La moto con su fuerza, agresividad y demás atributos yang se sitúa para el imaginario colectivo del lado masculino y la reina del otro, claro está, no sólo por ser reina y no rey, sino porque en sí misma, aun si fuese hombre, enviste un desgraciado prototipo femenino. En el poema “¿Sabe inflar una bicicleta?”, Fraga remata como una reina con estos versos: “En algún momento supe/ después siempre me la inflaron”. Ironiza así sobre esta mujer que sabe, pero niega y olvida. La estrategia es la de siempre: volverse inútil, inmolarse por el orgullo de los padres o la mirada opresora del poder: “Tema y tiemble me dijo/ desde tan cerca que pude oler/ su almuerzo entero/ (...) Temo y tiemblo: / esa es la gente que decide”. La moto, en cambio, no sólo se juega en la calle y en la ruta como buena machaza, sino que además se muestra encantadora para los hombres (a veces más que la pétrea ganadora de un concurso de belleza, quién suele suscitar contemplación estética y nunca pasión descontrolada). Fraga poetiza una anécdota en la que el conductor de un auto primero piropeó a su máquina Goldwing y después le pidió casamiento a ella. El género que ambos tópicos –motos y reinas– representan, como el celeste y el rosa arbitrariamente repartidos entre nene y nena, se resignifica en estos poemas. Y hasta el modo de ser dichos podría juzgarse más cercano a una lírica de la calle o del pueblo que a otros, falsamente adjudicados a cierta feminización de la escritura. Con versos como: “En el costado del asiento un tajo/ como una herida que no se arregla con costura”, la autora se proyecta en un elemento tradicionalmente concedido al universo masculino, para el cual moto y mujer no han creado una relación recíproca sino intermediada: las chicas somos mayormente acompañantes y vamos atrás, abrazadas a un señor de campera de cuero Fraga, que arranca sentada ahí, pasa al volante y toma la delantera. Es que, especialista en mostrarnos el otro lado de la cuestión y hacer luz de la sombra, esta poeta goza traspasando umbrales. En ¡Nos salvamos con la nena! dice: “¡Las mangas largas.../ para taparse la picada de las venas”.

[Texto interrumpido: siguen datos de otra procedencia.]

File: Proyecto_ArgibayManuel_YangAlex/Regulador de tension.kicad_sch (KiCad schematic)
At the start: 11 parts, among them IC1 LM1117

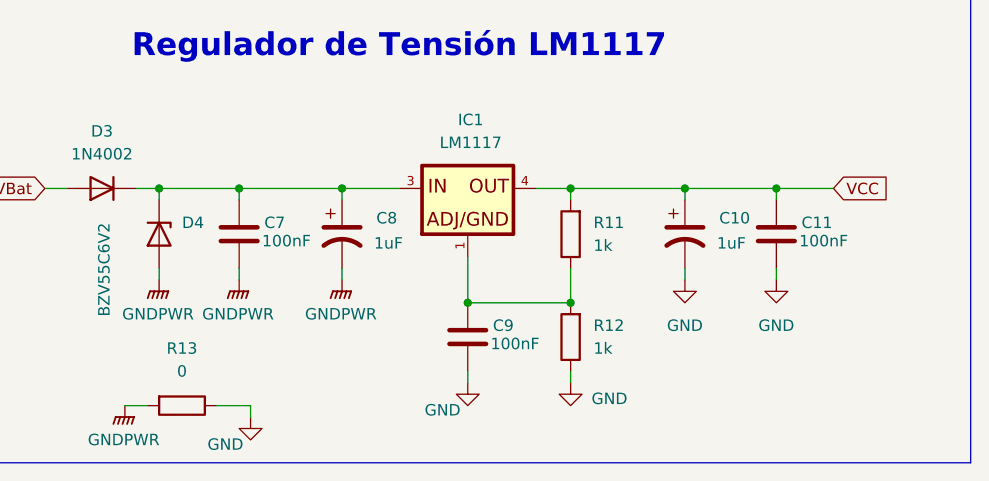
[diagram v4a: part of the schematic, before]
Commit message: Empiezo layout, cambio footprints y arreglo esquematico
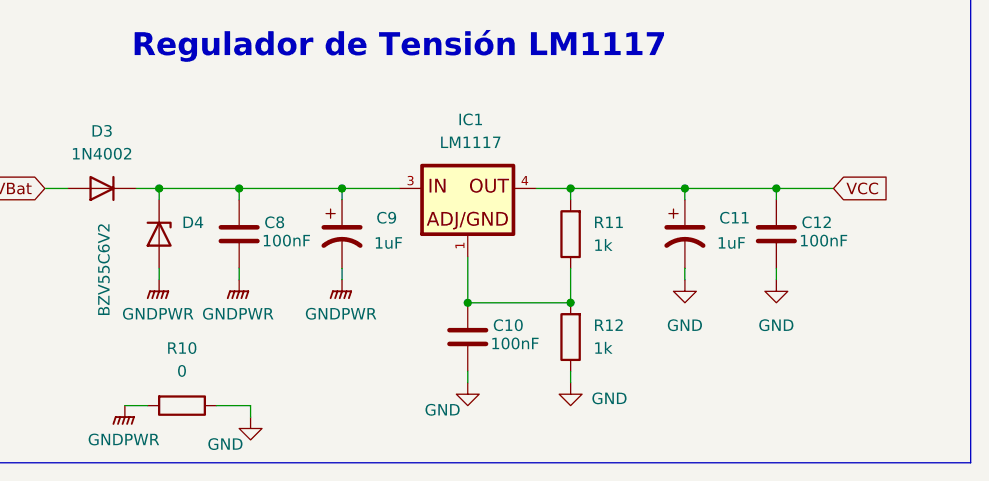
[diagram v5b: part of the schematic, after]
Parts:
- C10: renamed from C9; footprint Capacitor_SMD:C_0805_2012Metric -> Capacitor_THT:CP_Radial_D5.0mm_P2.00mm
- C11: renamed from C10; footprint Capacitor_SMD:C_0805_2012Metric -> Capacitor_THT:CP_Radial_D5.0mm_P2.00mm
- C12: renamed from C11; footprint Capacitor_SMD:C_0805_2012Metric -> Capacitor_THT:CP_Radial_D5.0mm_P2.00mm
- C8: renamed from C7; footprint Capacitor_SMD:C_0805_2012Metric -> Capacitor_THT:CP_Radial_D5.0mm_P2.00mm
- C9: renamed from C8; footprint Capacitor_SMD:C_0805_2012Metric -> Capacitor_THT:CP_Radial_D5.0mm_P2.00mm
- IC1: footprint LM1117:SOT223 -> Footprints:LM1117
- R10: renamed from R13; footprint Resistor_THT:R_Axial_DIN0204_L3.6mm_D1.6mm_P1.90mm_Vertical -> Resistor_SMD:R_0805_2012Metric
- R11, R12: footprint Resistor_THT:R_Axial_DIN0204_L3.6mm_D1.6mm_P1.90mm_Vertical -> Resistor_SMD:R_0805_2012Metric
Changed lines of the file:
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@@
 		(on_board yes)
 		(dnp no)
-		(property "Reference" "#PWR039"
+		(property "Reference" "#PWR027"
 			(at 138.43 106.68 0)
 			(effects
@@
 			(project "Proyecto_ArgibayManuel_YangAlex"
 				(path "/b2dde924-33f5-41ab-a1bf-811873450a89/586cebd2-39d7-435a-989d-0b17f5522a13"
-					(reference "#PWR039")
+					(reference "#PWR027")
 					(unit 1)
 				)
@@
 		(dnp no)
 		(fields_autoplaced yes)
-		(property "Reference" "#PWR025"
+		(property "Reference" "#PWR026"
 			(at 137.16 90.17 0)
 			(effects
@@
 			(project "Proyecto_ArgibayManuel_YangAlex"
 				(path "/b2dde924-33f5-41ab-a1bf-811873450a89/586cebd2-39d7-435a-989d-0b17f5522a13"
-					(reference "#PWR025")
+					(reference "#PWR026")
 					(unit 1)
 				)
@@
 		(dnp no)
 		(fields_autoplaced yes)
-		(property "Reference" "#PWR029"
+		(property "Reference" "#PWR031"
 			(at 186.69 91.44 0)
 			(effects
@@
 			(project "Proyecto_ArgibayManuel_YangAlex"
 				(path "/b2dde924-33f5-41ab-a1bf-811873450a89/586cebd2-39d7-435a-989d-0b17f5522a13"
-					(reference "#PWR029")
+					(reference "#PWR031")
 					(unit 1)
 				)
@@
 			)
 		)
-		(property "Footprint" "LM1117:SOT223"
+		(property "Footprint" "Footprints:LM1117"
 			(at 162.56 74.93 0)
 			(effects
@@
 		(on_board yes)
 		(dnp no)
-		(property "Reference" "C7"
+		(property "Reference" "C8"
 			(at 139.954 78.74 0)
 			(effects
@@
 			)
 		)
-		(property "Footprint" "Capacitor_SMD:C_0805_2012Metric"
+		(property "Footprint" "Capacitor_THT:CP_Radial_D5.0mm_P2.00mm"
 			(at 138.1252 83.82 0)
 			(effects
@@
 			(project "Proyecto_ArgibayManuel_YangAlex"
 				(path "/b2dde924-33f5-41ab-a1bf-811873450a89/586cebd2-39d7-435a-989d-0b17f5522a13"
-					(reference "C7")
+					(reference "C8")
 					(unit 1)
 				)
@@
 		(on_board yes)
 		(dnp no)
-		(property "Reference" "#PWR028"
+		(property "Reference" "#PWR030"
 			(at 173.99 102.87 0)
 			(effects
@@
 			(project "Proyecto_ArgibayManuel_YangAlex"
 				(path "/b2dde924-33f5-41ab-a1bf-811873450a89/586cebd2-39d7-435a-989d-0b17f5522a13"
-					(reference "#PWR028")
+					(reference "#PWR030")
 					(unit 1)
 				)
@@
 		(dnp no)
 		(fields_autoplaced yes)
-		(property "Reference" "R13"
+		(property "Reference" "R10"
 			(at 130.81 92.71 90)
 			(effects
@@
 			)
 		)
-		(property "Footprint" "Resistor_THT:R_Axial_DIN0204_L3.6mm_D1.6mm_P1.90mm_Vertical"
+		(property "Footprint" "Resistor_SMD:R_0805_2012Metric"
 			(at 130.81 97.282 90)
 			(effects
@@
 			(project "Proyecto_ArgibayManuel_YangAlex"
 				(path "/b2dde924-33f5-41ab-a1bf-811873450a89/586cebd2-39d7-435a-989d-0b17f5522a13"
-					(reference "R13")
+					(reference "R10")
 					(unit 1)
 				)
@@
 		(on_board yes)
 		(dnp no)
-		(property "Reference" "C8"
+		(property "Reference" "C9"
 			(at 152.4 78.232 0)
 			(effects
@@
 			)
 		)
-		(property "Footprint" "Capacitor_SMD:C_0805_2012Metric"
+		(property "Footprint" "Capacitor_THT:CP_Radial_D5.0mm_P2.00mm"
 			(at 148.59 80.01 0)
 			(effects
@@
 			(project "Proyecto_ArgibayManuel_YangAlex"
 				(path "/b2dde924-33f5-41ab-a1bf-811873450a89/586cebd2-39d7-435a-989d-0b17f5522a13"
-					(reference "C8")
+					(reference "C9")
 					(unit 1)
 				)
@@
 		(dnp no)
 		(fields_autoplaced yes)
-		(property "Reference" "#PWR024"
+		(property "Reference" "#PWR025"
 			(at 128.27 90.17 0)
 			(effects
@@
 			(project "Proyecto_ArgibayManuel_YangAlex"
 				(path "/b2dde924-33f5-41ab-a1bf-811873450a89/586cebd2-39d7-435a-989d-0b17f5522a13"
-					(reference "#PWR024")
+					(reference "#PWR025")
 					(unit 1)
 				)
@@
 		(dnp no)
 		(fields_autoplaced yes)
-		(property "Reference" "#PWR030"
+		(property "Reference" "#PWR032"
 			(at 196.85 91.44 0)
 			(effects
@@
 			(project "Proyecto_ArgibayManuel_YangAlex"
 				(path "/b2dde924-33f5-41ab-a1bf-811873450a89/586cebd2-39d7-435a-989d-0b17f5522a13"
-					(reference "#PWR030")
+					(reference "#PWR032")
 					(unit 1)
 				)
@@
 			)
 		)
-		(property "Footprint" "Resistor_THT:R_Axial_DIN0204_L3.6mm_D1.6mm_P1.90mm_Vertical"
+		(property "Footprint" "Resistor_SMD:R_0805_2012Metric"
 			(at 175.768 80.01 90)
 			(effects
@@
 		(dnp no)
 		(fields_autoplaced yes)
-		(property "Reference" "#PWR026"
+		(property "Reference" "#PWR028"
 			(at 148.59 90.17 0)
 			(effects
@@
 			(project "Proyecto_ArgibayManuel_YangAlex"
 				(path "/b2dde924-33f5-41ab-a1bf-811873450a89/586cebd2-39d7-435a-989d-0b17f5522a13"
-					(reference "#PWR026")
+					(reference "#PWR028")
 					(unit 1)
 				)
@@
 			)
 		)
-		(property "Footprint" "Resistor_THT:R_Axial_DIN0204_L3.6mm_D1.6mm_P1.90mm_Vertical"
+		(property "Footprint" "Resistor_SMD:R_0805_2012Metric"
 			(at 175.768 91.44 90)
 			(effects
@@
 		(on_board yes)
 		(dnp no)
-		(property "Reference" "C9"
+		(property "Reference" "C10"
 			(at 165.354 90.17 0)
 			(effects
@@
 			)
 		)
-		(property "Footprint" "Capacitor_SMD:C_0805_2012Metric"
+		(property "Footprint" "Capacitor_THT:CP_Radial_D5.0mm_P2.00mm"
 			(at 163.5252 95.25 0)
 			(effects
@@
 			(project "Proyecto_ArgibayManuel_YangAlex"
 				(path "/b2dde924-33f5-41ab-a1bf-811873450a89/586cebd2-39d7-435a-989d-0b17f5522a13"
-					(reference "C9")
+					(reference "C10")
 					(unit 1)
 				)
@@
 		(dnp no)
 		(fields_autoplaced yes)
-		(property "Reference" "#PWR038"
+		(property "Reference" "#PWR024"
 			(at 124.46 104.14 0)
 			(effects
@@
 			(project "Proyecto_ArgibayManuel_YangAlex"
 				(path "/b2dde924-33f5-41ab-a1bf-811873450a89/586cebd2-39d7-435a-989d-0b17f5522a13"
-					(reference "#PWR038")
+					(reference "#PWR024")
 					(unit 1)
 				)
@@
 		(on_board yes)
 		(dnp no)
-		(property "Reference" "#PWR027"
+		(property "Reference" "#PWR029"
 			(at 162.56 102.87 0)
 			(effects
@@
 			(project "Proyecto_ArgibayManuel_YangAlex"
 				(path "/b2dde924-33f5-41ab-a1bf-811873450a89/586cebd2-39d7-435a-989d-0b17f5522a13"
-					(reference "#PWR027")
+					(reference "#PWR029")
 					(unit 1)
 				)
@@
 		(on_board yes)
 		(dnp no)
-		(property "Reference" "C11"
+		(property "Reference" "C12"
 			(at 199.644 78.74 0)
 			(effects
@@
 			)
 		)
-		(property "Footprint" "Capacitor_SMD:C_0805_2012Metric"
+		(property "Footprint" "Capacitor_THT:CP_Radial_D5.0mm_P2.00mm"
 			(at 197.8152 83.82 0)
 			(effects
@@
 			(project "Proyecto_ArgibayManuel_YangAlex"
 				(path "/b2dde924-33f5-41ab-a1bf-811873450a89/586cebd2-39d7-435a-989d-0b17f5522a13"
-					(reference "C11")
+					(reference "C12")
 					(unit 1)
 				)
@@
 		(on_board yes)
 		(dnp no)
-		(property "Reference" "C10"
+		(property "Reference" "C11"
 			(at 190.5 78.232 0)
 			(effects
@@
 			)
 		)
-		(property "Footprint" "Capacitor_SMD:C_0805_2012Metric"
+		(property "Footprint" "Capacitor_THT:CP_Radial_D5.0mm_P2.00mm"
 			(at 186.69 80.01 0)
 			(effects
@@
 			(project "Proyecto_ArgibayManuel_YangAlex"
 				(path "/b2dde924-33f5-41ab-a1bf-811873450a89/586cebd2-39d7-435a-989d-0b17f5522a13"
-					(reference "C10")
-					(unit 1)
-				)
+					(reference "C11")
+					(unit 1)
+				)

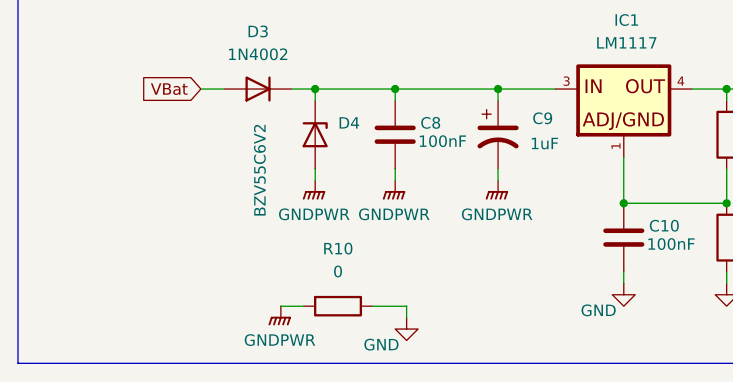
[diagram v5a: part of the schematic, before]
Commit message: Cambio de presentacion(esquematico,consumo,layout), minimas correciones en el esquematico
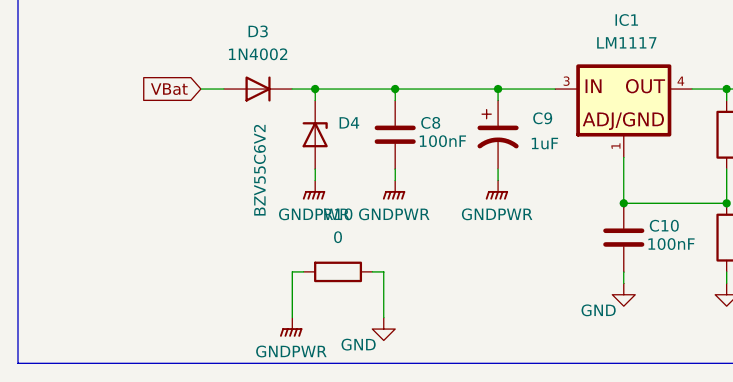
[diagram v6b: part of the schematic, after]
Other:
- moved on the sheet: R10
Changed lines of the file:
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@@
 	(wire
 		(pts
-			(xy 134.62 99.06) (xy 138.43 99.06)
+			(xy 134.62 95.25) (xy 135.89 95.25)
 		)
 		(stroke
@@
 	(wire
 		(pts
-			(xy 138.43 99.06) (xy 138.43 100.33)
+			(xy 135.89 95.25) (xy 135.89 100.33)
 		)
 		(stroke
@@
 	(wire
 		(pts
-			(xy 124.46 99.06) (xy 127 99.06)
+			(xy 125.73 95.25) (xy 127 95.25)
 		)
 		(stroke
@@
 		(pts
 			(xy 137.16 74.93) (xy 137.16 76.2)
+		)
+		(stroke
+			(width 0)
+			(type default)
+		)
+	)
+	(wire
+		(pts
+			(xy 125.73 95.25) (xy 125.73 100.33)
 		)
 		(stroke
@@
 	(symbol
 		(lib_id "power:GND")
-		(at 138.43 100.33 0)
-		(unit 1)
-		(exclude_from_sim no)
-		(in_bom yes)
-		(on_board yes)
-		(dnp no)
-		(property "Reference" "#PWR027"
-			(at 138.43 106.68 0)
+		(at 135.89 100.33 0)
+		(unit 1)
+		(exclude_from_sim no)
+		(in_bom yes)
+		(on_board yes)
+		(dnp no)
+		(property "Reference" "#PWR028"
+			(at 135.89 106.68 0)
 			(effects
 				(font
@@
 		)
 		(property "Value" "GND"
-			(at 135.636 103.378 0)
+			(at 133.096 103.378 0)
 			(effects
 				(font
@@
 		)
 		(property "Footprint" ""
-			(at 138.43 100.33 0)
+			(at 135.89 100.33 0)
 			(effects
 				(font
@@
 		)
 		(property "Datasheet" ""
-			(at 138.43 100.33 0)
+			(at 135.89 100.33 0)
 			(effects
 				(font
@@
 		)
 		(property "Description" "Power symbol creates a global label with name \"GND\" , ground"
-			(at 138.43 100.33 0)
-			(effects
-				(font
-					(size 1.27 1.27)
-				)
-				(hide yes)
-			)
-		)
-		(pin "1"
-		)
-		(instances
-			(project "Proyecto_ArgibayManuel_YangAlex"
-				(path "/b2dde924-33f5-41ab-a1bf-811873450a89/586cebd2-39d7-435a-989d-0b17f5522a13"
-					(reference "#PWR027")
+			(at 135.89 100.33 0)
+			(effects
+				(font
+					(size 1.27 1.27)
+				)
+				(hide yes)
+			)
+		)
+		(pin "1"
+		)
+		(instances
+			(project "Proyecto_ArgibayManuel_YangAlex"
+				(path "/b2dde924-33f5-41ab-a1bf-811873450a89/586cebd2-39d7-435a-989d-0b17f5522a13"
+					(reference "#PWR028")
 					(unit 1)
 				)
@@
 		(dnp no)
 		(fields_autoplaced yes)
-		(property "Reference" "#PWR026"
+		(property "Reference" "#PWR027"
 			(at 137.16 90.17 0)
 			(effects
@@
 			(project "Proyecto_ArgibayManuel_YangAlex"
 				(path "/b2dde924-33f5-41ab-a1bf-811873450a89/586cebd2-39d7-435a-989d-0b17f5522a13"
-					(reference "#PWR026")
+					(reference "#PWR027")
 					(unit 1)
 				)
@@
 		(dnp no)
 		(fields_autoplaced yes)
-		(property "Reference" "#PWR031"
+		(property "Reference" "#PWR032"
 			(at 186.69 91.44 0)
 			(effects
@@
 			(project "Proyecto_ArgibayManuel_YangAlex"
 				(path "/b2dde924-33f5-41ab-a1bf-811873450a89/586cebd2-39d7-435a-989d-0b17f5522a13"
-					(reference "#PWR031")
+					(reference "#PWR032")
 					(unit 1)
 				)
@@
 		(on_board yes)
 		(dnp no)
-		(property "Reference" "#PWR030"
+		(property "Reference" "#PWR031"
 			(at 173.99 102.87 0)
 			(effects
@@
 			(project "Proyecto_ArgibayManuel_YangAlex"
 				(path "/b2dde924-33f5-41ab-a1bf-811873450a89/586cebd2-39d7-435a-989d-0b17f5522a13"
-					(reference "#PWR030")
+					(reference "#PWR031")
 					(unit 1)
 				)
@@
 	(symbol
 		(lib_id "Device:R")
-		(at 130.81 99.06 270)
+		(at 130.81 95.25 270)
 		(unit 1)
 		(exclude_from_sim no)
@@
 		(fields_autoplaced yes)
 		(property "Reference" "R10"
-			(at 130.81 92.71 90)
+			(at 130.81 88.9 90)
 			(effects
 				(font
@@
 		)
 		(property "Value" "0"
-			(at 130.81 95.25 90)
+			(at 130.81 91.44 90)
 			(effects
 				(font
@@
 		)
 		(property "Footprint" "Resistor_SMD:R_0805_2012Metric"
-			(at 130.81 97.282 90)
+			(at 130.81 93.472 90)
 			(effects
 				(font
@@
 		)
 		(property "Datasheet" "~"
-			(at 130.81 99.06 0)
+			(at 130.81 95.25 0)
 			(effects
 				(font
@@
 		)
 		(property "Description" "Resistor"
-			(at 130.81 99.06 0)
+			(at 130.81 95.25 0)
 			(effects
 				(font
@@
 		(dnp no)
 		(fields_autoplaced yes)
-		(property "Reference" "#PWR025"
+		(property "Reference" "#PWR026"
 			(at 128.27 90.17 0)
 			(effects
@@
 			(project "Proyecto_ArgibayManuel_YangAlex"
 				(path "/b2dde924-33f5-41ab-a1bf-811873450a89/586cebd2-39d7-435a-989d-0b17f5522a13"
-					(reference "#PWR025")
+					(reference "#PWR026")
 					(unit 1)
 				)
@@
 		(dnp no)
 		(fields_autoplaced yes)
-		(property "Reference" "#PWR032"
+		(property "Reference" "#PWR033"
 			(at 196.85 91.44 0)
 			(effects
@@
 			(project "Proyecto_ArgibayManuel_YangAlex"
 				(path "/b2dde924-33f5-41ab-a1bf-811873450a89/586cebd2-39d7-435a-989d-0b17f5522a13"
-					(reference "#PWR032")
+					(reference "#PWR033")
 					(unit 1)
 				)
@@
 		(dnp no)
 		(fields_autoplaced yes)
-		(property "Reference" "#PWR028"
+		(property "Reference" "#PWR029"
 			(at 148.59 90.17 0)
 			(effects
@@
 			(project "Proyecto_ArgibayManuel_YangAlex"
 				(path "/b2dde924-33f5-41ab-a1bf-811873450a89/586cebd2-39d7-435a-989d-0b17f5522a13"
-					(reference "#PWR028")
+					(reference "#PWR029")
 					(unit 1)
 				)
@@
 	(symbol
 		(lib_id "power:GNDPWR")
-		(at 124.46 99.06 0)
+		(at 125.73 100.33 0)
 		(unit 1)
 		(exclude_from_sim no)
@@
 		(dnp no)
 		(fields_autoplaced yes)
-		(property "Reference" "#PWR024"
-			(at 124.46 104.14 0)
+		(property "Reference" "#PWR025"
+			(at 125.73 105.41 0)
 			(effects
 				(font
@@
 		)
 		(property "Value" "GNDPWR"
-			(at 124.333 102.87 0)
+			(at 125.603 104.14 0)
 			(effects
 				(font
@@
 		)
 		(property "Footprint" ""
-			(at 124.46 100.33 0)
+			(at 125.73 101.6 0)
 			(effects
 				(font
@@
 		)
 		(property "Datasheet" ""
-			(at 124.46 100.33 0)
+			(at 125.73 101.6 0)
 			(effects
 				(font
@@
 		)
 		(property "Description" "Power symbol creates a global label with name \"GNDPWR\" , global ground"
-			(at 124.46 99.06 0)
-			(effects
-				(font
-					(size 1.27 1.27)
-				)
-				(hide yes)
-			)
-		)
-		(pin "1"
-		)
-		(instances
-			(project "Proyecto_ArgibayManuel_YangAlex"
-				(path "/b2dde924-33f5-41ab-a1bf-811873450a89/586cebd2-39d7-435a-989d-0b17f5522a13"
-					(reference "#PWR024")
+			(at 125.73 100.33 0)
+			(effects
+				(font
+					(size 1.27 1.27)
+				)
+				(hide yes)
+			)
+		)
+		(pin "1"
+		)
+		(instances
+			(project "Proyecto_ArgibayManuel_YangAlex"
+				(path "/b2dde924-33f5-41ab-a1bf-811873450a89/586cebd2-39d7-435a-989d-0b17f5522a13"
+					(reference "#PWR025")
 					(unit 1)
 				)
@@
 		(on_board yes)
 		(dnp no)
-		(property "Reference" "#PWR029"
+		(property "Reference" "#PWR030"
 			(at 162.56 102.87 0)
 			(effects
@@
 			(project "Proyecto_ArgibayManuel_YangAlex"
 				(path "/b2dde924-33f5-41ab-a1bf-811873450a89/586cebd2-39d7-435a-989d-0b17f5522a13"
-					(reference "#PWR029")
-					(unit 1)
-				)
+					(reference "#PWR030")
+					(unit 1)
+				)

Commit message: Arreglo errores y cambio conector
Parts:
- R10: footprint Resistor_SMD:R_0805_2012Metric -> Resistor_THT:R_Axial_DIN0204_L3.6mm_D1.6mm_P5.08mm_Vertical
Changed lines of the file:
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@@
 			)
 		)
-		(property "Footprint" "Resistor_SMD:R_0805_2012Metric"
+		(property "Footprint" "Resistor_THT:R_Axial_DIN0204_L3.6mm_D1.6mm_P5.08mm_Vertical"
 			(at 130.81 93.472 90)
 			(effects

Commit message: Arreglo layout y esqumatico con las correcciones pasadas
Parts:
- C10, C11, C12, C8, C9: footprint Capacitor_THT:CP_Radial_D5.0mm_P2.00mm -> Capacitor_SMD:C_0805_2012Metric
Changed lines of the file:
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@@
 			)
 		)
-		(property "Footprint" "Capacitor_THT:CP_Radial_D5.0mm_P2.00mm"
+		(property "Footprint" "Capacitor_SMD:C_0805_2012Metric"
 			(at 138.1252 83.82 0)
 			(effects
@@
 			)
 		)
-		(property "Footprint" "Capacitor_THT:CP_Radial_D5.0mm_P2.00mm"
+		(property "Footprint" "Capacitor_SMD:C_0805_2012Metric"
 			(at 148.59 80.01 0)
 			(effects
@@
 			)
 		)
-		(property "Footprint" "Capacitor_THT:CP_Radial_D5.0mm_P2.00mm"
+		(property "Footprint" "Capacitor_SMD:C_0805_2012Metric"
 			(at 163.5252 95.25 0)
 			(effects
@@
 			)
 		)
-		(property "Footprint" "Capacitor_THT:CP_Radial_D5.0mm_P2.00mm"
+		(property "Footprint" "Capacitor_SMD:C_0805_2012Metric"
 			(at 197.8152 83.82 0)
 			(effects
@@
 			)
 		)
-		(property "Footprint" "Capacitor_THT:CP_Radial_D5.0mm_P2.00mm"
+		(property "Footprint" "Capacitor_SMD:C_0805_2012Metric"
 			(at 186.69 80.01 0)
 			(effects

Ruta y pasarela, como metáforas de la vida, ubican al sujeto en una doble vertiente: la del andar lineal, genuino y dirigido, y la del desfile, de gesto impostado, como en una actuación ante los otros. Quizás sean dos aspectos de lo mismo y la complejidad de este avance que parece inexorable se sostenga por el férreo y puro deseo de seguir, porque, como dice Fraga en Estas preciosas señoritas: “Me haría retroceder/ únicamente una desgracia// por ejemplo en el piso/ una cáscara de banana”.